Sigamos con el cuento.
En la puerta había una princesa. Podemos imaginar entonces este diálogo:
El rey: - Buenas noches. ¿Usted quién es?
Ella: - Soy una princesa.
¡Pero Dios! ¡Qué aspecto tenía! El agua le caía a chorros por e pelo y se escurría por el ruedo del
vestido, le entraba por la puntera de los zapatos y le salía por los talones. Estaba de barro hasta las orejas.
Daba lástima ¿quién iba a creer que era una princesa? Cualquiera la habría tomado por una campesina que
había perdido su único cerdo y salió a buscarlo bajo la tormenta.
El rey: - Pase, pase. Así que usted es una princesa ... ¿Y es verdadera?
Ella: - Sí.
El príncipe estaba, por los menos emocionado. La reina dejó el tejido y la miró de arriba a abajo sin
quitarse los anteojos. Pensó:
¡Eso lo averiguaremos pronto!, pero no dijo nada.
Como a nadie se le niega amparo bajo una tormenta semejante, la presunta princesa fue invitada a
pasar la noche en el palacio.
Sin que nadie la viera, la reina fue al dormitorio de huéspedes, quitó toda la ropa de la cama y puso
un garbanzo debajo del colchón. Después fue al desván, bajó a pulso veinte colchones más y los puso
también encima del garbanzo.
Sobre los veinte colchones puso veinte edredones gruesos rellenos con pluma de ganso.
(Evidentemente faltaba personal de servicio en el palacio).

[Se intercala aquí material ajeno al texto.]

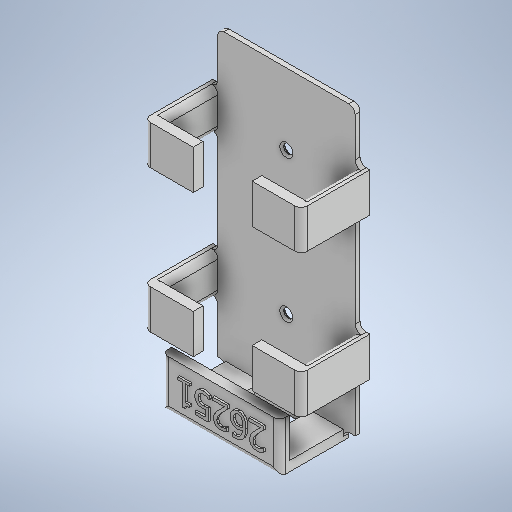
# Autodesk Inventor part: ChonkyPowerBankHolder
Saved by Autodesk Inventor 2025 (Build 290162010, 162A)
## iProperties
Created: 2024-11-16
Part Number: ChonkyPowerBankHolder
Material: Generic
Document SubType Name: Modeling
Designer: ishaa
Density: 1 g/cm^3
Appearance: Default
Author: ishaa
## iProperties of the stored document ChonkyPowerBankHolder_3DPrint.ipt
Created: 2024-12-01
Part Number: ChonkyPowerBankHolder_3DPrint
Material: Generic
Document SubType Name: Modeling
Designer: dcfam
Density: 1 g/cm^3
Appearance: Default
Author: dcfam
Autodesk Inventor part; units mm, degrees
ref_plane "YZ Plane" through (0, 0, 0) normal (1, 0, 0) x (0, 1, 0)
ref_plane "XZ Plane" through (0, 0, 0) normal (0, 1, 0) x (-1, 0, 0)
ref_plane "XY Plane" through (0, 0, 0) normal (0, 0, 1) x (1, 0, 0)
sketch "Sketch1" plane through (0, 0, 0) normal (0, 0, 1) x (1, 0, 0)
  line L0 (-35, -72.5) -> (35, -72.5)
  line L1 (35, -72.5) -> (35, 72.5)
  line L2 (35, 72.5) -> (-35, 72.5)
  line L3 (-35, 72.5) -> (-35, -72.5)
  line L4 (-35, -72.5) -> (35, 72.5) construction
  line L5 (35, -72.5) -> (-35, 72.5) construction
  point P0 (0, 0)
  dimension "d0" = 70
  dimension "d1" = 145
  constraints: 12 end point, 2 midpoint, 2 parallel, 1 horizontal, 1 perpendicular
  measures "d0" distance of L2.end L1.end
  measures "d1" distance of L1.end L0.end
extrude "Extrusion1" add sketch "Sketch1" along normal blind 2.5
sketch "Sketch2" plane through (0, 0, 0) normal (0, 0, -1) x (-1, 0, 0)
  line L0 (-35, 72.5) -> (35, 72.5) construction
  line L1 (0, 72.5) -> (0, -72.5) construction
  line L2 (35, -72.5) -> (-35, -72.5) construction
  line L3 (35, 0) -> (-35, 0) construction
  line L4 (-35, -72.5) -> (-35, 72.5) construction
  line L5 (-35, 0) -> (-35, -72.5) construction
  line L6 (-35, -36.25) -> (35, -36.25) construction
  line L7 (35, 72.5) -> (35, -72.5) construction
  line L8 (-35, -72.5) -> (-35, 72.5) construction
  line L9 (-35, 72.5) -> (35, 72.5) construction
  line L10 (35, 72.5) -> (35, -72.5) construction
  line L11 (35, -72.5) -> (-35, -72.5) construction
  line L12 (-35, 72.5) -> (-35, 0) construction
  line L13 (-35, 36.25) -> (35, 36.25) construction
  line L14 (-35, 46.25) -> (-40, 46.25)
  line L15 (-40, 46.25) -> (-40, 26.25)
  line L16 (-40, 26.25) -> (-35, 26.25)
  line L17 (-35, 26.25) -> (-35, 46.25)
  line L18 (-35, 36.25) -> (-23.1595, 36.25) construction
  line L19 (35, 46.25) -> (40, 46.25)
  line L20 (40, 46.25) -> (40, 26.25)
  line L21 (40, 26.25) -> (35, 26.25)
  line L22 (35, 26.25) -> (35, 46.25)
  line L23 (-35, -46.25) -> (-40, -46.25)
  line L24 (-40, -46.25) -> (-40, -26.25)
  line L25 (-40, -26.25) -> (-35, -26.25)
  line L26 (-35, -26.25) -> (-35, -46.25)
  line L27 (40, -26.25) -> (35, -26.25)
  line L28 (40, -46.25) -> (40, -26.25)
  line L29 (35, -46.25) -> (40, -46.25)
  line L30 (35, -26.25) -> (35, -46.25)
  line L31 (-29.0797, -72.5) -> (30.9203, -72.5)
  line L32 (30.9203, -72.5) -> (30.9203, -77.5)
  line L33 (30.9203, -77.5) -> (-29.0797, -77.5)
  line L34 (-29.0797, -77.5) -> (-29.0797, -72.5)
  point P0 (0, 0)
  dimension "d4" = 5
  dimension "d5" = 20
  dimension "d6" = 60
  dimension "d7" = 5
  constraints: 54 end point, 12 symmetric about line, 6 midpoint, 4 parallel, 4 perpendicular, 4 point on line, 3 collinear, 3 horizontal
  measures "d4" distance of L16.end L15.end
  measures "d5" distance of L15.end L14.end
  measures "d6" distance of L32.end L33.end
  measures "d7" distance of L31.end L32.end
extrude "Extrusion2" add sketch "Sketch2" against normal blind 35
sketch "Sketch3" plane through (-30.9203, -72.5, 2.5) normal (0, 1, 0) x (1, 0, 0)
  line L0 (0, 0) -> (60, 0) projected
  line L1 (0, 0) -> (0, -32.5) projected
  line L2 (60, -32.5) -> (0, -32.5) projected
  line L3 (60, 0) -> (60, -32.5) projected
  line L4 (60, -32.5) -> (0, -32.5)
  line L5 (0, -32.5) -> (0, -27.5)
  line L6 (0, -27.5) -> (60, -27.5)
  line L7 (60, -27.5) -> (60, -32.5)
  point P0 (30.9203, 2.5)
  dimension "d10" = 5
  constraints: 8 end point, 2 parallel, 1 horizontal, 1 perpendicular, 1 point on line
  measures "d10" distance of L4.end L5.end
sketch "Sketch4" plane through (35, 26.25, 2.5) normal (-1, 0, 0) x (0, 0, 1)
  line L0 (0, 0) -> (0, 20) projected
  line L1 (0, 0) -> (32.5, 0) projected
  line L2 (32.5, 20) -> (32.5, 0) projected
  line L3 (0, 20) -> (32.5, 20) projected
  line L4 (0, -72.5) -> (0, -52.5) projected
  line L5 (0, -72.5) -> (32.5, -72.5) projected
  line L6 (32.5, -52.5) -> (32.5, -72.5) projected
  line L7 (0, -52.5) -> (32.5, -52.5) projected
  line L8 (32.5, 20) -> (27.5, 20)
  line L9 (27.5, 20) -> (27.5, 0)
  line L10 (27.5, 0) -> (32.5, 0)
  line L11 (32.5, 0) -> (32.5, 20)
  line L12 (0, -52.5) -> (0, 0) projected
  line L13 (0, -26.25) -> (53.9685, -26.25) construction
  line L14 (0, -52.5) -> (32.5, -52.5)
  line L15 (32.5, -72.5) -> (32.5, -52.5)
  line L16 (0, -72.5) -> (32.5, -72.5)
  line L17 (27.5, -72.5) -> (27.5, -52.5)
  point P0 (-2.5, -26.25)
  dimension "d11" = 5
  constraints: 18 end point, 3 symmetric about line, 2 horizontal, 2 parallel, 2 point on line, 1 midpoint, 1 perpendicular
  measures "d11" distance of L10.end L9.end
sketch "Sketch5" plane through (-35, -46.25, 2.5) normal (1, 0, 0) x (0, 0, -1)
  line L0 (0, 0) -> (-32.5, 0) projected
  line L1 (2.5, 20) -> (-32.5, 20) projected
  line L2 (-32.5, 0) -> (-27.5, 0)
  line L3 (-27.5, 0) -> (-27.5, 20)
  line L4 (-27.5, 20) -> (-32.5, 20)
  line L5 (-32.5, 20) -> (-32.5, 0)
  line L6 (0, 72.5) -> (0, 20) construction
  line L7 (0, 46.25) -> (-51.5825, 46.25) construction
  line L8 (-32.5, 92.5) -> (-27.5, 92.5)
  line L9 (-27.5, 92.5) -> (-27.5, 72.5)
  line L10 (-27.5, 72.5) -> (-32.5, 72.5)
  line L11 (-32.5, 72.5) -> (-32.5, 92.5)
  point P0 (2.5, 46.25)
  dimension "d12" = 5
  constraints: 18 end point, 4 symmetric about line, 2 horizontal, 2 parallel, 1 midpoint, 1 perpendicular, 1 point on line
  measures "d12" distance of L4.end L3.end
extrude "Extrusion3" add sketch "Sketch3" along normal blind 20 contours L6 L3 L2 L1
extrude "Extrusion4" add sketch "Sketch5" along normal blind 20
extrude "Extrusion5" add sketch "Sketch4" along normal blind 20 contours L9 L3 L2 L1 | L17 L7 L6 L5
sketch "Sketch6" plane through (0, 0, 2.5) normal (0, 0, 1) x (1, 0, 0)
  line L0 (-30.9203, -77.5) -> (29.0797, -77.5) construction
  line L1 (0, -77.5) -> (0, 72.5) construction
  line L2 (35, 72.5) -> (-35, 72.5) construction
  line L3 (-40, -26.25) -> (-40, -46.25) construction
  line L4 (-40, -46.25) -> (-15, -46.25) construction
  line L5 (-15, -26.25) -> (-15, -46.25) construction
  line L6 (-40, -26.25) -> (-15, -26.25) construction
  line L7 (-15, -26.25) -> (-15, -46.25) construction
  line L8 (-15, -36.25) -> (15, -36.25) construction
  line L9 (15, -46.25) -> (15, -26.25) construction
  circle A0 centre (0, -36.25) radius 2.35
  line L10 (-35, 26.25) -> (-35, -26.25) construction
  line L11 (-35, 0) -> (35, 0) construction
  circle A1 centre (0, 36.25) radius 2.35
  point P0 (0, 0)
  dimension "d19" = 4.7
  constraints: 6 end point, 5 midpoint, 2 centre point, 1 horizontal, 1 point on line, 1 symmetric about line, 1 other
  measures "d19" diameter of A0
extrude "Extrusion6" cut sketch "Sketch6" against normal blind 20
chamfer "Chamfer1" distance 1 angle 45 4 edges at (-2.35, -36.25, 2.5) (-2.35, 36.25, 2.5) (-2.35, -36.25, 0) (-2.35, 36.25, 0)
fillet "Fillet1" radius 3.175 10 edges at (35, -46.25, 1.25) (35, -26.25, 1.25) (35, 46.25, 1.25) (35, 26.25, 1.25) (29.0797, -72.5, 1.25) (-30.9203, -72.5, 1.25) (-35, -46.25, 1.25) (-35, -26.25, 1.25) (-35, 26.25, 1.25) (-35, 46.25, 1.25)
fillet "Fillet2" radius 3.175 2 edges at (-35, 72.5, 1.25) (35, 72.5, 1.25)
fillet "Fillet3" radius 3.175 4 edges at (-40, -36.25, 35) (-40, 36.25, 35) (40, -36.25, 35) (40, 36.25, 35)
fillet "Fillet4" radius 3.175 3 edges at (-0.9203, -77.5, 35) (-30.9203, -65, 35) (29.0797, -65, 35)
fillet "Fillet5" radius 3.175 8 edges at (-35, 46.25, 16.25) (35, 46.25, 16.25) (-35, -26.25, 16.25) (35, -26.25, 16.25) (-35, 26.25, 16.25) (35, 26.25, 16.25) (35, -46.25, 16.25) (-35, -46.25, 16.25)
sketch "Sketch7" plane through (0, 0, 35) normal (0, 0, 1) x (1, 0, 0)
  line L0 (22.7543, -70.5434) -> (-153.14, -70.5434) construction
  line L1 (-153.14, -70.5434) -> (-153.14, -5.5157) construction
  line L2 (-153.14, -5.5157) -> (22.7543, -5.5157) construction
  line L3 (22.7543, -5.5157) -> (22.7543, -70.5434) construction
  line L4 (14.303, -58.0303) -> (21.8606, -58.0303)
  line L5 (21.8606, -58.0303) -> (21.8606, -59.7682)
  spline S0 degree 2 poles (21.8606, -59.7682) (21.0462, -60.5329) (19.5963, -61.953) (18.9011, -62.7177) knots 0 0 0 1 2 2 2
  spline S1 degree 2 poles (18.9011, -62.7177) (17.5008, -64.257) (16.4779, -66.1042) (16.4779, -67.0874) knots 0 0 0 1 2 2 2
  spline S2 degree 2 poles (16.4779, -67.0874) (16.4779, -67.6038) (16.7957, -68.3784) (17.0837, -68.6267) knots 0 0 0 1 2 2 2
  spline S3 degree 2 poles (17.0837, -68.6267) (17.3717, -68.875) (18.1265, -69.1232) (18.5833, -69.1232) knots 0 0 0 1 2 2 2
  spline S4 degree 2 poles (18.5833, -69.1232) (19.0203, -69.1232) (19.9141, -68.9047) (20.3212, -68.7359) knots 0 0 0 1 2 2 2
  spline S5 degree 2 poles (20.3212, -68.7359) (20.6688, -68.5969) (21.3143, -68.1996) (21.513, -68.0606) knots 0 0 0 1 2 2 2
  line L6 (21.513, -68.0606) -> (21.6023, -68.0606)
  line L7 (21.6023, -68.0606) -> (21.6023, -69.8085)
  spline S6 degree 2 poles (21.6023, -69.8085) (21.0959, -70.0567) (19.2785, -70.5434) (18.4641, -70.5434) knots 0 0 0 1 2 2 2
  spline S7 degree 2 poles (18.4641, -70.5434) (16.7461, -70.5434) (14.8095, -68.726) (14.8095, -67.1767) knots 0 0 0 1 2 2 2
  spline S8 degree 2 poles (14.8095, -67.1767) (14.8095, -66.4518) (15.1472, -65.2402) (15.4451, -64.7238) knots 0 0 0 1 2 2 2
  spline S9 degree 2 poles (15.4451, -64.7238) (15.743, -64.1875) (16.607, -63.1348) (17.0837, -62.6283) knots 0 0 0 1 2 2 2
  spline S10 degree 2 poles (17.0837, -62.6283) (17.8583, -61.7842) (19.7552, -59.9768) (20.3212, -59.4504) knots 0 0 0 1 2 2 2
  line L8 (20.3212, -59.4504) -> (14.303, -59.4504)
  line L9 (14.303, -59.4504) -> (14.303, -58.0303)
  spline S11 degree 2 poles (4.9182, -62.0027) (4.9182, -61.0592) (5.5439, -59.4603) (6.0702, -58.9241) knots 0 0 0 1 2 2 2
  spline S12 degree 2 poles (6.0702, -58.9241) (6.6164, -58.358) (7.9869, -57.7721) (8.8112, -57.7721) knots 0 0 0 1 2 2 2
  spline S13 degree 2 poles (8.8112, -57.7721) (9.6355, -57.7721) (10.996, -58.3282) (11.5124, -58.8843) knots 0 0 0 1 2 2 2
  spline S14 degree 2 poles (11.5124, -58.8843) (12.148, -59.5497) (12.863, -61.7842) (12.863, -63.4129) knots 0 0 0 1 2 2 2
  spline S15 degree 2 poles (12.863, -63.4129) (12.863, -65.0118) (12.2076, -67.5839) (11.5223, -68.5373) knots 0 0 0 1 2 2 2
  spline S16 degree 2 poles (11.5223, -68.5373) (10.857, -69.4708) (8.7516, -70.5136) (7.3712, -70.5136) knots 0 0 0 1 2 2 2
  spline S17 degree 2 poles (7.3712, -70.5136) (6.964, -70.5136) (6.249, -70.4341) (5.9808, -70.3447) knots 0 0 0 1 2 2 2
  line L10 (5.9808, -70.3447) -> (5.9808, -68.7657)
  line L11 (5.9808, -68.7657) -> (6.0504, -68.7657)
  spline S18 degree 2 poles (6.0504, -68.7657) (6.2788, -68.8849) (7.113, -69.0934) (7.5897, -69.0934) knots 0 0 0 1 2 2 2
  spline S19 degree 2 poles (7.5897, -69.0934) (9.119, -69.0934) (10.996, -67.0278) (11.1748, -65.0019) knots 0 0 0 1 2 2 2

Era allí donde tenía que dormir la princesa esa noche. Cómo logró trepar y acostarse en esa cama es
algo que el cuento no aclara.
A la mañana siguiente, durante el desayuno, la reina le preguntó qué tal había dormido.
- ¡Mal, terriblemente mal! -se quejó la princesa-. Casi no he podido cerrar los ojos en toda la noche.
¡Sabe Dios lo que había en la cama! No digo pulgas ... He estado acostada sobre algo muy duro y tengo el
cuerpo lleno de moretones. ¡Es terrible!
Enseguida se puso a mostrar los moretones que tenía en el cuerpo, hasta que la reina le dijo que
basta, que eso no era necesario.
Pero gracias al garbanzo comprendieron que era una verdadera princesa.
Porque sólo una verdadera princesa tiene la piel tan delicada como para sentir un garbanzo a través
de veinte colchones y veinte edredones de plumas de ganso. Una persona común, ni se da cuenta.
Qué estaba haciendo la princesa bajo la tormenta y de dónde venía es algo que tampoco aclara el
cuento.
El príncipe, resplandeciente de alegría, dijo que la tomaba por esposa. ¡Al fin había encontrado una
princesa verdadera! Pero no se privó de hacerle un reproche a su madre:
- ¿Por qué no me explicaste antes la prueba del garbanzo? ¡Hubiera solucionado esto hace rato!
La boda se celebró con toda la pompa que exige un casamiento entre príncipes verdaderos. O sea,
gran pompa.
El garbanzo fue depositado en la sala de tesoros del palacio, dentro de una vitrina, sobre una
almohadilla de terciopelo azul. Unos dicen que todavía está allí. Otros, que alguien lo echó en el guiso. Si
es así, no debe culparse a la cocinera porque tampoco había cocinera.

HANS CHRISTIAN ANDERSEN (Versión comentada por EMA WOLF),


en A.A.V.V. (1997) Antología Literaria 7. Buenos Aires, Santillana.